Antônio Alberi Maffi conta que estava com Mertz e outros companheiros da VPR, que tinha uma filial na região. Recorda que o quartel da BM (hoje o 7º Batalhão de Polícia Militar) estava em obras. Todas as noites, diz, a equipe de Malhães interrogava e torturava o grupo:

— O prédio estava em obras, ficava um pouco afastado do centro, os moradores não podiam ouvir nossos gritos. Fomos torturados com choques elétricos aplicados por uma maricota (equipamento que regula a intensidade da voltagem elétrica).

Outra razão para o elevado número de locais de detenção é a posição geográfica do Rio Grande do Sul, com fronteiras para o Uruguai e a Argentina, rotas de fuga para perseguidos políticos. O advogado Índio Vargas, do antigo PTB de Leonel Brizola, observa que o contingente militar sempre foi expressivo no Estado, em razão das encrencas passadas com os castelhanos.
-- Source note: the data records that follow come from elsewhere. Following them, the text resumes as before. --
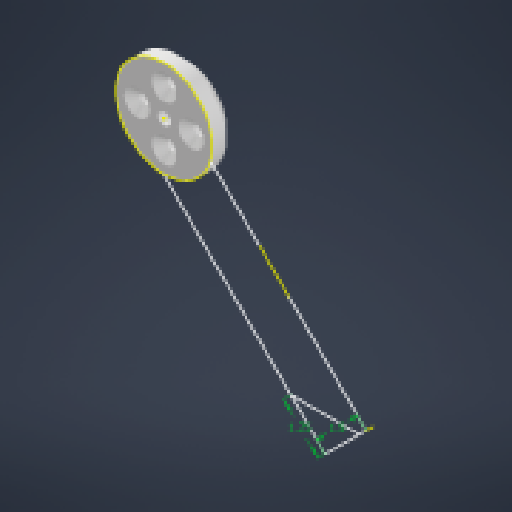
# Autodesk Inventor part: new_custom_servo_claw_bracket
Saved by Autodesk Inventor 2026 (Build 300175000, 175)
## iProperties
Created: 2025-03-29
Part Number: new_custom_servo_claw_bracket
Material: Generic
Document SubType Name: Modeling
Designer: paris
Density: 1 g/cm^3
Appearance: Default
Author: paris
Autodesk Inventor part; units mm, degrees
ref_plane "YZ Plane" through (0, 0, 0) normal (1, 0, 0) x (0, 1, 0)
ref_plane "XZ Plane" through (0, 0, 0) normal (0, 1, 0) x (-1, 0, 0)
ref_plane "XY Plane" through (0, 0, 0) normal (0, 0, 1) x (1, 0, 0)
sketch "Sketch1" plane through (0, 0, 0) normal (0, 0, 1) x (1, 0, 0)
  circle A0 centre (0, 0) radius 9.4
  circle A1 centre (4.949749, 4.949749) radius 1.25
  circle A2 centre (-4.949749, 4.949749) radius 1.25
  circle A3 centre (-4.949749, -4.949749) radius 1.25
  circle A4 centre (0, 0) radius 1.6
  circle A5 centre (4.949749, -4.949749) radius 1.25
  circle A6 centre (0, 0) radius 12.5
  circle A7 centre (0, 0) radius 3.75
  dimension "d0" = 25
  dimension "d31" = 7.5
  constraints: 2 centre point, 2 coincident
  measures "d0" diameter of A6
  measures "d31" diameter of A7
extrude "Extrusion1" add sketch "Sketch1" along normal blind 6 contours A0 | A6 | A7
sketch "Sketch3" plane through (0, 0, 0) normal (0, 1, 0) x (-1, 0, 0)
  line L0 (52.293085, -36.2) -> (52.293085, -39.2)
  line L1 (52.293085, -39.2) -> (35.480704, -39.2)
  line L2 (35.480704, -39.2) -> (35.480704, -35.2)
  line L3 (35.480704, -35.2) -> (51.293085, -35.2)
  line L4 (51.293085, -35.2) -> (52.293085, -36.2)
  line L5 (10.944606, 0.32) -> (11.944606, 1.32) construction
  line L6 (11.944606, 1.32) -> (38.508723, 1.32) construction
  line L7 (38.508723, 1.32) -> (39.508723, 0.32)
  line L8 (39.508723, 0.32) -> (39.508723, -1.18)
  line L9 (39.508723, -1.18) -> (10.944606, -1.18) construction
  line L10 (10.944606, -1.18) -> (10.944606, 0.32) construction
  line L11 (12.5, 0) -> (-12.5, 0)
  line L12 (12.5, 0) -> (10, 0)
  line L13 (12.5, 0) -> (12.5, 2.5)
  line L14 (12.5, 2.5) -> (10, 0)
  line L15 (0, -47.54) -> (0, 10.84)
  point P0 (0, 0)
  dimension "d9" = 2.5
  dimension "d10" = 2.5
  constraints: 28 end point, 4 horizontal, 4 vertical, 1 perpendicular, 1 point on line, 14 other
  measures "d9" distance of L11.start L12.end
  measures "d10" distance of L11.start L13.end
revolve "Revolution2" cut sketch "Sketch3" angle 360 about axis through (0, 0, -10) along (0, 0, 1) contours L11 L14 L13
sketch "Sketch4" plane through (0, 0, 6) normal (0, 0, 1) x (1, 0, 0)
  line L0 (24.631452, -16.169105) -> (32.233463, -23.771115)
  line L1 (24.631452, -16.169105) -> (11.991468, -3.529121)
  circle A0 centre (0, 0) radius 12.5
  line L2 (52.208369, -43.746021) -> (53.976136, -41.978255)
  line L3 (32.233463, -23.771115) -> (52.208369, -43.746021)
  line L4 (52.208369, -43.746021) -> (41.601767, -54.352623)
  line L5 (41.601767, -54.352623) -> (-12.497431, -0.253425)
  line L6 (50.440602, -45.513788) -> (32.762932, -45.513788)
  line L7 (11.991468, -3.529121) -> (10.223701, -1.761354)
  line L8 (10.223701, -1.761354) -> (-0.382901, -12.367955)
  line L9 (-0.382901, -12.367955) -> (-12.497431, -0.253425)
  point P0 (-0.382901, -12.367955)
  dimension "d12" = 15
  dimension "d13" = 12.5
  dimension "d20" = 2.5
  constraints: 16 end point, 3 collinear, 3 perpendicular, 2 point on circle, 2 point on line, 1 horizontal
  measures "d12" distance of L2.start L4.end
  measures "d13" distance of L4.end L6.end
  measures "d20" distance of L1.end L7.end
ref_plane "Work Plane1" through (-4.949749, -4.949749, 0) normal (-0.7071068, 0.7071068, 0) x (0, 0, 1)
extrude "Extrusion2" add sketch "Sketch4" against normal blind 6 contours L0 L3 L4 L6 L5 A0 L1 | A0 L5 L8 L7 picked at (4.096617, -8.795683)
sketch "Sketch5" plane through (-4.949749, -4.949749, 0) normal (-0.7071068, 0.7071068, 0) x (0, 0, 1)
  line L0 (0, -1.25) -> (6, -1.25)
  line L1 (6, -1.25) -> (6, -5.499998)
  line L2 (2.5, 19.500002) -> (6, 19.500002)
  line L3 (0, 17.000002) -> (2.5, 19.500002)
  line L4 (0, -2.999998) -> (0, -1.25)
  line L5 (6, 1.25) -> (0, 1.25)
  line L6 (0, 1.25) -> (0, 5.400002)
  line L7 (0, 5.400002) -> (6, 5.400002)
  line L8 (6, 5.400002) -> (6, 1.25)
  line L9 (6, 15.250004) -> (0, 15.250004)
  line L10 (6, 12.750004) -> (6, 8.600002)
  line L11 (6, 8.600002) -> (0, 8.600002)
  line L12 (0, 8.600002) -> (0, 12.750004)
  line L13 (0, 12.750004) -> (6, 12.750004)
  line L14 (2.5, -5.499998) -> (0, -2.999998)
  line L15 (6, -5.499998) -> (2.5, -5.499998)
  line L16 (6, -1.25) -> (4, -1.25)
  line L17 (6, -1.25) -> (6, -3.25)
  line L18 (6, 19.500002) -> (6, -5.499998)
  line L19 (6, -3.25) -> (4, -1.25)
  line L20 (-1.2, 0) -> (7.2, 0)
  line L21 (6, 19.500002) -> (6, 15.250004)
  line L22 (0, 15.250004) -> (0, 17.000002)
  point P0 (0, 7.000002)
  point P1 (6, -3.25)
  dimension "d14" = 2
  dimension "d15" = 2
  constraints: 6 end point, 1 point on line, 2 other
  measures "d14" distance of L0.end L16.end
  measures "d15" distance of L0.end L17.end
revolve "Revolution3" cut sketch "Sketch5" angle 360 about axis through (-4.949749, -4.949749, 0) along (0, 0, 1) contours L0 L1 L19
pattern_circular "Circular Pattern2" count 4 over 360 about axis through (0, 0, 0) along (0, 0, 1) of "Revolution3"
sketch "Sketch6" plane through (-0.382901, -12.367955, 2.373881) normal (-0.7071068, 0.7071068, 0) x (0.7071068, 0.7071068, 0)
  line L0 (15, 2.373881) -> (15, 1.999565)
  spline S0 degree 2 poles (15, 1.999565) (14.65611, 2.197917) (14.324628, 2.373881) knots 0 0 0 1 1 1 weights 1 1.00054985 1
  line L1 (14.324628, 2.373881) -> (15, 2.373881)
  line L2 (18.204755, -0.126119) -> (18.204755, -3.626119)
  line L3 (18.204755, -3.626119) -> (11.912374, -3.626119)
  line L4 (6.12006, -3.626119) -> (-0.172321, -3.626119)
  line L5 (-0.172321, -3.626119) -> (-0.172321, -0.126119)
  line L6 (0, 0) -> (0, 2.373881)
  line L7 (0, 2.373881) -> (3.707806, 2.373881)
  line L8 (3.707806, 2.373881) -> (14.324628, 2.373881)
  spline S1 degree 2 poles (3.707806, 2.373881) (2.050603, 1.49417) (0, 0) knots 0 0 0 1 1 1 weights 1 1.01402107 1
  point P0 (9.016217, 2.373881)
  constraints: 1 horizontal alignment, 4 other
extrude "Extrusion3" add sketch "Sketch6" along normal up to surface round surface about axis through (0, 0, 1.25) along (0, 0, -1) radius 11.25 half angle -45 far side no
sketch "Sketch7" plane through (50.440602, -45.513788, 0) normal (0.7071068, -0.7071068, 0) x (0.7071068, 0.7071068, 0)
  line L0 (-12.5, 6) -> (0, 6)
  line L1 (-12.5, 6) -> (-12.5, 0)
  line L2 (0, 0) -> (-12.5, 0)
  line L3 (0, 6) -> (0, 0)
  line L4 (0, 6) -> (2.5, 6)
  line L5 (0, 6) -> (0, 0)
  line L6 (2.5, 0) -> (0, 0)
  line L7 (2.5, 6) -> (2.5, 0)
  line L8 (-17.381295, 1.62) -> (-20.312925, 1.62)
  line L9 (-17.381295, 1.62) -> (-12.5, 1.62)
  line L10 (-12.5, 0) -> (-9.5, 0)
  line L11 (-9.5, 0) -> (-9.5, 2)
  line L12 (-9.5, 2) -> (-12.5, 2)
  line L13 (-12.5, 2) -> (-12.5, 0)
  line L14 (-9.5, 2) -> (-7.5, 0)
  line L15 (-9.5, 2) -> (-6.671573, 2) construction
  point P0 (-3.483783, 0)
  point P1 (-12.5, 2)
  dimension "d25" = 3
  dimension "d26" = 2
  dimension "d27" = 45
  constraints: 14 end point, 2 horizontal, 2 parallel, 2 perpendicular, 2 point on line, 1 equal length
  measures "d25" distance of L12.end L11.end
  measures "d26" distance of L11.end L10.end
  measures "d27" angle of L14 L15
extrude "Extrusion4" cut sketch "Sketch7" against normal up to surface contours L12 L11 L2 L1 | L14 L2 L11 round surface about axis through (0, 0, 1.25) along (0, 0, -1) radius 11.25 half angle -45 far side no
sketch "Sketch9" plane through (-4.949749, -4.949749, 0) normal (-0.7071068, 0.7071068, 0) x (0, 0, 1)
  line L0 (6, 17.250004) -> (4, 15.250004)
  line L1 (4, 15.250004) -> (0, 15.250004)
  line L2 (0, 15.250004) -> (0, 17.000002)
  line L3 (0, 17.000002) -> (2.5, 19.500002)
  line L4 (2.5, 19.500002) -> (6, 19.500002)
  line L5 (6, 19.500002) -> (6, 17.250004)
  line L6 (4, 12.750004) -> (6, 10.750004)
  line L7 (6, 10.750004) -> (6, 8.600002)
  line L8 (6, 8.600002) -> (0, 8.600002)
  line L9 (0, 8.600002) -> (0, 12.750004)
  line L10 (0, 12.750004) -> (4, 12.750004)
  line L11 (4, -1.25) -> (6, -3.25)
  line L12 (6, -3.25) -> (6, -5.499998)
  line L13 (6, -5.499998) -> (2.5, -5.499998)
  line L14 (2.5, -5.499998) -> (0, -2.999998)
  line L15 (0, -2.999998) -> (0, -1.25)
  line L16 (0, -1.25) -> (4, -1.25)
  line L17 (6, 3.25) -> (4, 1.25)
  line L18 (4, 1.25) -> (0, 1.25)
  line L19 (0, 1.25) -> (0, 5.400002)
  line L20 (0, 5.400002) -> (6, 5.400002)
  line L21 (6, 5.400002) -> (6, 3.25)
  line L22 (2.5, -5.499998) -> (2.5, 19.500002)
  line L23 (6, 12.983785) -> (2.5, 12.983785)
  line L24 (2.5, 12.983785) -> (2.5, -2.016215)
  line L25 (2.5, -2.016215) -> (6, -2.016215)
  line L26 (6, 12.983785) -> (6, -2.016215)
  line L27 (0, 8.600002) -> (0, 5.400002)
  line L28 (0, 5.400002) -> (0, 8.600002)
  line L29 (0, 7.000002) -> (2.5, 7.000002)
  line L30 (2.5, 7.000002) -> (2.5, 11.000002)
  line L31 (2.5, 11.000002) -> (0, 11.000002)
  line L32 (2.5, 7.000002) -> (2.5, 3.000002)
  line L33 (2.5, 3.000002) -> (0, 2.983785)
  point P0 (2.5, 11.000002)
  dimension "d32" = 2.5
  dimension "d33" = 4
  dimension "d34" = 4
  constraints: 12 end point, 3 perpendicular, 3 point on line
  measures "d32" distance of L29.start L29.end
  measures "d33" distance of L29.end L30.end
  measures "d34" distance of L29.end L32.end
extrude "Extrusion5" cut sketch "Sketch9" along normal blind 25 contours L22 L8 L9 L31 | L22 L29 L27 L8 | L22 L20 L27 L29 | L22 L33 L19 L20
sketch "Sketch10" plane through (-4.949749, -4.949749, 0) normal (-0.7071068, 0.7071068, 0) x (-0.7071068, -0.7071068, 0)
  line L0 (-8.600002, 2.5) -> (-8.600002, 0)
  line L1 (-8.600002, 2.5) -> (-11.000002, 2.5)
  line L2 (-11.000002, 2.5) -> (-11.000002, 0)
  line L3 (-8.600002, 0) -> (-11.000002, 0)
  line L4 (-7.000002, -1.2) -> (-7.000002, 7.2)
  point P0 (-7.000002, 0)
revolve "Revolution4" cut sketch "Sketch10" angle 360 about axis through (0, 0, -10) along (0, 0, 1)
ref_plane "Work Plane2" through (0, 0, -18.75) normal (0, 0, -1) x (-1, 0, 0)
mirror "Mirror1" about plane through (0, 0, -18.75) normal (0, 0, -1) of "Extrusion4", "Extrusion3", "Revolution3", "Circular Pattern2", "Extrusion2", "Revolution2", "Extrusion1"
sketch "Sketch11" plane through (52.208369, -43.746021, 6) normal (0.7071068, 0.7071068, 0) x (0, 0, -1)
  arc A0 (36.443783, 18.378448) -> (35.045362, 17.55589) centre (36.443783, 16.778448) ccw
  arc A1 (33.809543, 17.615975) -> (35.045362, 17.55589) centre (34.442292, 17.891162) ccw
  arc A2 (33.809543, 17.615975) -> (30.083918, 17.860337) centre (31.883783, 16.778448) ccw
  arc A3 (28.824133, 18.044523) -> (30.083918, 17.860337) centre (29.492533, 18.215815) ccw
  arc A4 (28.824133, 18.044523) -> (18.943434, 18.044523) centre (23.883783, 16.778448) ccw
  arc A5 (17.683649, 17.860337) -> (18.943434, 18.044523) centre (18.275033, 18.215815) ccw
  arc A6 (17.683649, 17.860337) -> (13.958024, 17.615975) centre (15.883783, 16.778448) ccw
  arc A7 (12.722205, 17.55589) -> (13.958024, 17.615975) centre (13.325275, 17.891162) ccw
  arc A8 (12.722205, 17.55589) -> (11.323783, 18.378448) centre (11.323783, 16.778448) ccw
  line L0 (11.323783, 22.635) -> (11.323783, 18.378448)
  line L1 (5.71, 28.248783) -> (11.323783, 22.635)
  line L2 (5.71, 38.99965) -> (5.71, 28.248783)
  arc A9 (5.71, 38.99965) -> (6.096638, 39.441716) centre (5.183783, 39.85) ccw
  arc A10 (6.726508, 39.85) -> (6.096638, 39.441716) centre (6.726508, 39.16) ccw
  line L3 (7.800239, 39.85) -> (6.726508, 39.85)
  arc A11 (7.800239, 39.85) -> (8.252787, 40.037452) centre (7.800239, 40.49) ccw
  line L4 (11.21157, 42.996234) -> (8.252787, 40.037452)
  arc A12 (12.296639, 42.446127) -> (11.21157, 42.996234) centre (11.664118, 42.543686) ccw
  arc A13 (12.296639, 42.446127) -> (14.459982, 42.506034) centre (13.383783, 42.278448) ccw
  arc A14 (15.086135, 43.278448) -> (14.459982, 42.506034) centre (15.086135, 42.638448) ccw
  line L5 (15.853783, 43.278448) -> (15.086135, 43.278448)
  arc A15 (16.493783, 42.638448) -> (15.853783, 43.278448) centre (15.853783, 42.638448) ccw
  line L6 (16.493783, 42.638448) -> (16.493783, 27.277734)
  arc A16 (16.493783, 27.277734) -> (18.393783, 25.377734) centre (18.393783, 27.277734) ccw
  line L7 (18.393783, 25.377734) -> (29.373783, 25.377734)
  arc A17 (29.373783, 25.377734) -> (31.273783, 27.277734) centre (29.373783, 27.277734) ccw
  line L8 (31.273783, 27.277734) -> (31.273783, 42.638448)
  arc A18 (31.913783, 43.278448) -> (31.273783, 42.638448) centre (31.913783, 42.638448) ccw
  line L9 (32.681432, 43.278448) -> (31.913783, 43.278448)
  arc A19 (33.307584, 42.506034) -> (32.681432, 43.278448) centre (32.681432, 42.638448) ccw
  arc A20 (33.307584, 42.506034) -> (35.470928, 42.446127) centre (34.383783, 42.278448) ccw
  arc A21 (36.555997, 42.996234) -> (35.470928, 42.446127) centre (36.103449, 42.543686) ccw
  line L10 (39.51478, 40.037452) -> (36.555997, 42.996234)
  arc A22 (39.51478, 40.037452) -> (39.967328, 39.85) centre (39.967328, 40.49) ccw
  line L11 (41.041059, 39.85) -> (39.967328, 39.85)
  arc A23 (41.670929, 39.441716) -> (41.041059, 39.85) centre (41.041059, 39.16) ccw
  arc A24 (41.670929, 39.441716) -> (42.057567, 38.99965) centre (42.583783, 39.85) ccw
  line L12 (42.057567, 28.248783) -> (42.057567, 38.99965)
  line L13 (36.443783, 22.635) -> (42.057567, 28.248783)
  line L14 (36.443783, 18.378448) -> (36.443783, 22.635)
  circle A25 centre (36.443783, 36.16) radius 1.6
  circle A26 centre (11.323783, 36.16) radius 1.6
  circle A27 centre (13.383783, 28.778448) radius 1.1
  circle A28 centre (34.383783, 28.778448) radius 1.1
  arc A29 (35.045362, 16.001006) -> (36.443783, 15.178448) centre (36.443783, 16.778448) ccw
  line L15 (36.443783, 9.11) -> (36.443783, 15.178448)
  line L16 (28.414559, 1.080776) -> (36.443783, 9.11)
  arc A30 (25.805335, 0) -> (28.414559, 1.080776) centre (25.805335, 3.69) ccw
  line L17 (21.962231, 0) -> (25.805335, 0)
  arc A31 (19.353007, 1.080776) -> (21.962231, 0) centre (21.962231, 3.69) ccw
  line L18 (11.323783, 9.11) -> (19.353007, 1.080776)
  line L19 (11.323783, 15.178448) -> (11.323783, 9.11)
  arc A32 (11.323783, 15.178448) -> (12.722205, 16.001006) centre (11.323783, 16.778448) ccw
  arc A33 (13.958024, 15.940921) -> (12.722205, 16.001006) centre (13.325275, 15.665734) ccw
  arc A34 (13.958024, 15.940921) -> (17.683649, 15.696559) centre (15.883783, 16.778448) ccw
  arc A35 (18.943434, 15.512374) -> (17.683649, 15.696559) centre (18.275033, 15.341081) ccw
  arc A36 (18.943434, 15.512374) -> (22.617709, 11.838098) centre (23.883783, 16.778448) ccw
  arc A37 (22.801894, 10.578314) -> (22.617709, 11.838098) centre (22.446417, 11.169698) ccw
  arc A38 (22.801894, 10.578314) -> (24.965672, 10.578314) centre (23.883783, 8.778448) ccw
  arc A39 (25.149858, 11.838098) -> (24.965672, 10.578314) centre (25.32115, 11.169698) ccw
  arc A40 (25.149858, 11.838098) -> (28.824133, 15.512374) centre (23.883783, 16.778448) ccw
  arc A41 (30.083918, 15.696559) -> (28.824133, 15.512374) centre (29.492533, 15.341081) ccw
  arc A42 (30.083918, 15.696559) -> (33.809543, 15.940921) centre (31.883783, 16.778448) ccw
  arc A43 (35.045362, 16.001006) -> (33.809543, 15.940921) centre (34.442292, 15.665734) ccw
  circle A44 centre (23.883783, 3.69) radius 1.6
  line L20 (16.493783, 42.638448) -> (31.273783, 42.638448)
  line L21 (6, 0) -> (6, 59.837863)
  line L22 (43.5, 58.691943) -> (43.5, 7.5)
  line L23 (6, 0) -> (43.5, 0)
  line L24 (43.5, 0) -> (43.5, 45)
  line L25 (43.5, 45) -> (6, 45)
  line L26 (6, 45) -> (6, 0)
  line L27 (13.5, 45) -> (6, 52.5)
  line L28 (13.5, 45) -> (24.106602, 45) construction
  line L29 (36, 45) -> (43.5, 52.5)
  line L30 (36, 45) -> (46.606602, 45) construction
  line L31 (11.323783, 15.178448) -> (11.323783, 18.378448)
  line L32 (36.443783, 18.378448) -> (36.443783, 15.178448)
  line L33 (10.823783, 15.178448) -> (10.823783, 18.378448)
  arc A45 (34.608355, 15.758055) -> (36.443783, 14.678448) centre (36.443783, 16.778448) ccw
  arc A46 (34.608355, 15.758055) -> (34.268057, 15.74151) centre (34.442292, 15.665734) ccw
  arc A47 (29.655378, 15.438967) -> (34.268057, 15.74151) centre (31.883783, 16.778448) ccw
  arc A48 (29.655378, 15.438967) -> (29.308481, 15.388249) centre (29.492533, 15.341081) ccw
  arc A49 (25.273983, 11.35375) -> (29.308481, 15.388249) centre (23.883783, 16.778448) ccw
  arc A50 (25.273983, 11.35375) -> (25.223265, 11.006853) centre (25.32115, 11.169698) ccw
  arc A51 (22.544302, 11.006853) -> (25.223265, 11.006853) centre (23.883783, 8.778448) ccw
  arc A52 (22.544302, 11.006853) -> (22.493584, 11.35375) centre (22.446417, 11.169698) ccw
  arc A53 (18.459086, 15.388249) -> (22.493584, 11.35375) centre (23.883783, 16.778448) ccw
  arc A54 (18.459086, 15.388249) -> (18.112188, 15.438967) centre (18.275033, 15.341081) ccw
  arc A55 (13.49951, 15.74151) -> (18.112188, 15.438967) centre (15.883783, 16.778448) ccw
  arc A56 (13.49951, 15.74151) -> (13.159212, 15.758055) centre (13.325275, 15.665734) ccw
  arc A57 (11.323783, 14.678448) -> (13.159212, 15.758055) centre (11.323783, 16.778448) ccw
  arc A58 (13.159212, 17.798841) -> (11.323783, 18.878448) centre (11.323783, 16.778448) ccw
  arc A59 (13.159212, 17.798841) -> (13.49951, 17.815386) centre (13.325275, 17.891162) ccw
  arc A60 (18.112188, 18.11793) -> (13.49951, 17.815386) centre (15.883783, 16.778448) ccw
  arc A61 (18.112188, 18.11793) -> (18.459086, 18.168648) centre (18.275033, 18.215815) ccw
  arc A62 (29.308481, 18.168648) -> (18.459086, 18.168648) centre (23.883783, 16.778448) ccw
  arc A63 (29.308481, 18.168648) -> (29.655378, 18.11793) centre (29.492533, 18.215815) ccw
  arc A64 (34.268057, 17.815386) -> (29.655378, 18.11793) centre (31.883783, 16.778448) ccw
  arc A65 (34.268057, 17.815386) -> (34.608355, 17.798841) centre (34.442292, 17.891162) ccw
  arc A66 (36.443783, 18.878448) -> (34.608355, 17.798841) centre (36.443783, 16.778448) ccw
  line L34 (36.943783, 18.378448) -> (36.943783, 15.178448)
  circle A67 centre (23.883783, 3.69) radius 2.1
  line L35 (31.773783, 42.638448) -> (31.773783, 27.277734)
  arc A68 (29.373783, 24.877734) -> (31.773783, 27.277734) centre (29.373783, 27.277734) ccw
  line L36 (29.373783, 24.877734) -> (18.393783, 24.877734)
  arc A69 (15.993783, 27.277734) -> (18.393783, 24.877734) centre (18.393783, 27.277734) ccw
  line L37 (15.993783, 27.277734) -> (15.993783, 42.638448)
  line L38 (16.493783, 43.138448) -> (31.273783, 43.138448)
  line L39 (16.493783, 43.138448) -> (15.993783, 42.638448)
  line L40 (31.273783, 43.138448) -> (31.773783, 42.638448)
  line L41 (11.323783, 18.878448) -> (10.823783, 18.378448)
  line L42 (10.823783, 15.178448) -> (11.323783, 14.678448)
  line L43 (36.443783, 18.878448) -> (36.943783, 18.378448)
  line L44 (36.943783, 15.178448) -> (36.443783, 14.678448)
  point P0 (6, 67.85)
  point P1 (25.805335, 0)
  point P2 (6, 45)
  dimension "d38" = 45
  dimension "d39" = 135
  dimension "d40" = 45
  dimension "d41" = 7.5
  dimension "d42" = 7.5
  dimension "d43" = 0.5
  dimension "d44" = 0.5
  dimension "d45" = 0.5
  dimension "d46" = 0.5
  dimension "d47" = 0.5
  dimension "d48" = 0.5
  dimension "d49" = 0.5
  constraints: 48 point on circle, 40 end point, 25 centre point, 6 parallel, 5 perpendicular, 5 point on line, 3 horizontal, 2 equal length, 24 other
  measures "d38" distance of L24.end L23.end
  measures "d39" angle of L28 L27
  measures "d40" angle of L30 L29
  measures "d41" distance of L24.end L29.end
  measures "d42" distance of L25.end L27.end
  measures "d43" distance between parallel lines of L31 L33
  measures "d44" radial gap between concentric circles of A34 A55
  measures "d45" radial gap between concentric circles of A4 A62
  measures "d46" distance between parallel lines of L32 L34
  measures "d47" radial gap between concentric circles of A44 A67
  measures "d48" distance between parallel lines of L7 L36
  measures "d49" distance between parallel lines of L20 L38
extrude "Extrusion6" add sketch "Sketch11" against normal blind 3.5 contours A66 A65 A64 A63 A62 A61 A60 A59 A58 L0 L1 L21 A9 A10 L3 A11 L4 A12 A13 A14 L5 A15 L39 L37 A69 L36 A68 L35 L40 A18 L9 A19 A20 A21 L10 A22 L11 A23 A24 L12 L13 L14 | L14 L13 L12 A24 A23 L11 A22 L10 A21 A20 A19 L9 A18 L40 L38 L39 A15 L5 A14 A13 A12 L4 A11 L3 A10 A9 L21 L25 L22 L24 L23 A30 L16 L15 L44 L34 L43 | L15 L16 A30 L17 A31 L18 L19 A57 A56 A55 A54 A53 A52 A51 A50 A49 A48 A47 A46 A45 | L23 L21 L1 L0 L41 L33 L42 L19 L18 A31 | L25 L29 L22 | L21 L27 L25 | A25 | A26 | A27 | A28
sketch "Sketch12" plane through (49.733495, -46.220895, 6) normal (-0.7071068, -0.7071068, 0) x (0, 0, 1)
  line L0 (-43.5, 0) -> (-6, 0)
  line L1 (-6, 0) -> (-6, 1)
  line L2 (-6, 52.5) -> (-6, 1)
  line L3 (-6, 52.5) -> (-13.5, 45)
  line L4 (-13.5, 45) -> (-36, 45)
  line L5 (-36, 45) -> (-43.5, 52.5)
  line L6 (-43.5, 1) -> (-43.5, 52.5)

Vargas também foi torturado no Dops, inclusive por Malhães. Perambulou por outros centros, o que era rotina entre os prisioneiros. Ficou confinado na Ilha das Pedras Brancas, mas o mais insalubre foi o Presídio Central de Porto Alegre, conforme relembra:

— O pior era a comida, precisava ter coragem para engolir aquilo. Lembro que a Dilma Rousseff ia visitar o marido, Carlos Araújo (mais tarde seria deputado pelo PDT), e levava alimentos para ele.

Calino Pacheco Filho, ex-VAR-Palmares, também cita as fronteiras como argumento para a forte vigilância sobre o Rio Grande do Sul. Torturado no Dops, onde nenhum hóspede escapava de pelos menos alguns safanões, esteve na Ilha das Pedras Brancas e na Base Aérea de Canoas. Em cada lugar, uma sensação diferente, como relata:

— Fiquei dois dias na Base Aérea, sem tortura. Parecia que o pessoal da Aeronáutica queria uma aula de interrogatório, porque havia gente em outra sala, acompanhando.